Definition includes Association
Definition includes Resource

Definition (Node) represents a resource.

Definition can be used where content is expected. It has no content model.

Definition includes the mixins Association and Resource.

Definition should be associated with LinkReferences and ImageReferences.

For example, the following markdown:

[Alpha]: https://example.com

Yields:

{
  type: 'definition',
  identifier: 'alpha',
  label: 'Alpha',
  url: 'https://example.com',
  title: null
}

Emphasis

interface Emphasis <: Parent {
  type: 'emphasis'
  children: [PhrasingContent]
}

Emphasis (Parent) represents stress emphasis of its contents.

Emphasis can be used where phrasing content is expected. Its content model is phrasing content.

For example, the following markdown:

*alpha* _bravo_

Yields:

{
  type: 'paragraph',
  children: [
    {
      type: 'emphasis',
      children: [{type: 'text', value: 'alpha'}]
    },
    {type: 'text', value: ' '},
    {
      type: 'emphasis',
      children: [{type: 'text', value: 'bravo'}]
    }
  ]
}

Heading

interface Heading <: Parent {
  type: 'heading'
  depth: 1 <= number <= 6
  children: [PhrasingContent]
}

Heading (Parent) represents a heading of a section.

Heading can be used where flow content is expected. Its content model is phrasing content.

A depth field must be present. A value of 1 is said to be the highest rank and 6 the lowest.

For example, the following markdown:

# Alpha

Yields:

{
  type: 'heading',
  depth: 1,
  children: [{type: 'text', value: 'Alpha'}]
}

Html

interface Html <: Literal {
  type: 'html'
}

Html (Literal) represents a fragment of raw HTML.

Html can be used where flow or phrasing content is expected. Its content is represented by its value field.

Html nodes do not have the restriction of being valid or complete HTML ([HTML]) constructs.
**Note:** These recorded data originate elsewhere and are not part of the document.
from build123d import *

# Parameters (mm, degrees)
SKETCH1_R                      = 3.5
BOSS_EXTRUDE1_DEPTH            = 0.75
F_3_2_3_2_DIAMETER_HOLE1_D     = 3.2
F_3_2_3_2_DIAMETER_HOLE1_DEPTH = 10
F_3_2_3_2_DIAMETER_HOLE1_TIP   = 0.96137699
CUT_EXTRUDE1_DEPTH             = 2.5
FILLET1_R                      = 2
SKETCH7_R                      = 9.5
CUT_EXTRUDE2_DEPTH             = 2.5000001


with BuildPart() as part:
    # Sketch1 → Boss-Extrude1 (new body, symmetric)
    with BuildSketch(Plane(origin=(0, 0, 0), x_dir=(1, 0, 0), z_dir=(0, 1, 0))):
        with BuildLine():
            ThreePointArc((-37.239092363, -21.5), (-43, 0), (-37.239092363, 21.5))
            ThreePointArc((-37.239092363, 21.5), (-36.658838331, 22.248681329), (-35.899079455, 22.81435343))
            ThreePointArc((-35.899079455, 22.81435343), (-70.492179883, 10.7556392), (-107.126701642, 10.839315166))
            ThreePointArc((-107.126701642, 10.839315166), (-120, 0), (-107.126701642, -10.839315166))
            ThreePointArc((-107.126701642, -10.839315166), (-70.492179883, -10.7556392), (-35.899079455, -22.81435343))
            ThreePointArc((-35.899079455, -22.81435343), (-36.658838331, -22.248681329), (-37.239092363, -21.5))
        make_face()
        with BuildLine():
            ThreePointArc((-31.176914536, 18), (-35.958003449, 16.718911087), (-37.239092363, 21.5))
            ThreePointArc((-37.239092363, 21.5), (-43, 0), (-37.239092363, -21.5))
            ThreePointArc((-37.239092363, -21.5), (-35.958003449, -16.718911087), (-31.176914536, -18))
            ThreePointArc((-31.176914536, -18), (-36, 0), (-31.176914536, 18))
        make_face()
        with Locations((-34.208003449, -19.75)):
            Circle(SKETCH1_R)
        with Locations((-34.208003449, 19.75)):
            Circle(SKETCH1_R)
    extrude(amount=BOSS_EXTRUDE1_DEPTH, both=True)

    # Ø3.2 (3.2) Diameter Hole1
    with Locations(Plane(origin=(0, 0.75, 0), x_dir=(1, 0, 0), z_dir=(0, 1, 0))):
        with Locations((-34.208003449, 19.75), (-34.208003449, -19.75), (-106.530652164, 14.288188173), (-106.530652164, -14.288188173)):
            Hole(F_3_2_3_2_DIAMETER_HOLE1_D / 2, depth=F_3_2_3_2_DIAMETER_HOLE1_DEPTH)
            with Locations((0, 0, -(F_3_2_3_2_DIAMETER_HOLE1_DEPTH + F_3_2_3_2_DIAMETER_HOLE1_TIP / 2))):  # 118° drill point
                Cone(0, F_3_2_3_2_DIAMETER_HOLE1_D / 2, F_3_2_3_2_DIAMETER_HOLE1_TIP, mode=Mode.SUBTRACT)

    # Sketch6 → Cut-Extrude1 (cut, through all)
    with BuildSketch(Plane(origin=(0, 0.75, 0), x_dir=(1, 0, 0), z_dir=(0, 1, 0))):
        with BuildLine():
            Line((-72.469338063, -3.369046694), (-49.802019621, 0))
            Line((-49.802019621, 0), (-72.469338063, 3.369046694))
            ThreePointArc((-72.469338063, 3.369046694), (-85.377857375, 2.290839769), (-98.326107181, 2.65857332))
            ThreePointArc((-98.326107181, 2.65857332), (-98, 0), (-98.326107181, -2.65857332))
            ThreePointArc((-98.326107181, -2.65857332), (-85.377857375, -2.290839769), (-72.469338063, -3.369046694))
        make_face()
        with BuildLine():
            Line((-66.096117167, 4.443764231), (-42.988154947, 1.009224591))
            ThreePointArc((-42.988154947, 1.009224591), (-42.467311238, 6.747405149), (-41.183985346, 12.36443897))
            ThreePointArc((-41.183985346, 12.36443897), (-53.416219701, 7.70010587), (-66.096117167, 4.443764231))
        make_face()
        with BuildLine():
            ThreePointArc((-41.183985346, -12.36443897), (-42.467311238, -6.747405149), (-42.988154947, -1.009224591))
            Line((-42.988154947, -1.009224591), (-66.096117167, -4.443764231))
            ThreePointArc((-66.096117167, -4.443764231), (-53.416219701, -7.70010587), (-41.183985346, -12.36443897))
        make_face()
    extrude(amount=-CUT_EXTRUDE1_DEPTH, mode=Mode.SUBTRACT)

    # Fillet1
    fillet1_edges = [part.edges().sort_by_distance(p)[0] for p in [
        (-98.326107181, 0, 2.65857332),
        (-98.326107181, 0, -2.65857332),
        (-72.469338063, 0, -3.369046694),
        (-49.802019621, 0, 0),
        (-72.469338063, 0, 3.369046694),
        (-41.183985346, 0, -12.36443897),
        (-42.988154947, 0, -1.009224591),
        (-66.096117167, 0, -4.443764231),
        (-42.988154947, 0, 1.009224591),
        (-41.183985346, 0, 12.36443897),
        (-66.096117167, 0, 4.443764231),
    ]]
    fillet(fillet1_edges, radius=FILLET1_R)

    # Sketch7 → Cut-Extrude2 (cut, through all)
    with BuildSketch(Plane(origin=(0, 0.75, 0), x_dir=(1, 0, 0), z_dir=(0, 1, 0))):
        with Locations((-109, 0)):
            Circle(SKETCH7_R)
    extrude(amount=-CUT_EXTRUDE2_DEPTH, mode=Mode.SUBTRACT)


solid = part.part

For example, the following markdown:

<div>

Yields:

{type: 'html', value: '<div>'}

Image

interface Image <: Node {
  type: 'image'
}

Image includes Resource
Image includes Alternative

Image (Node) represents an image.

Image can be used where phrasing content is expected. It has no content model, but is described by its alt field.

Image includes the mixins Resource and Alternative.

For example, the following markdown:

![alpha](https://example.com/favicon.ico "bravo")

Yields:

{
  type: 'image',
  url: 'https://example.com/favicon.ico',
  title: 'bravo',
  alt: 'alpha'
}

ImageReference

interface ImageReference <: Node {
  type: 'imageReference'
}

ImageReference includes Reference
ImageReference includes Alternative

ImageReference (Node) represents an image through association, or its original source if there is no association.

ImageReference can be used where phrasing content is expected. It has no content model, but is described by its alt field.

ImageReference includes the mixins Reference and Alternative.

ImageReference should be associated with a Definition.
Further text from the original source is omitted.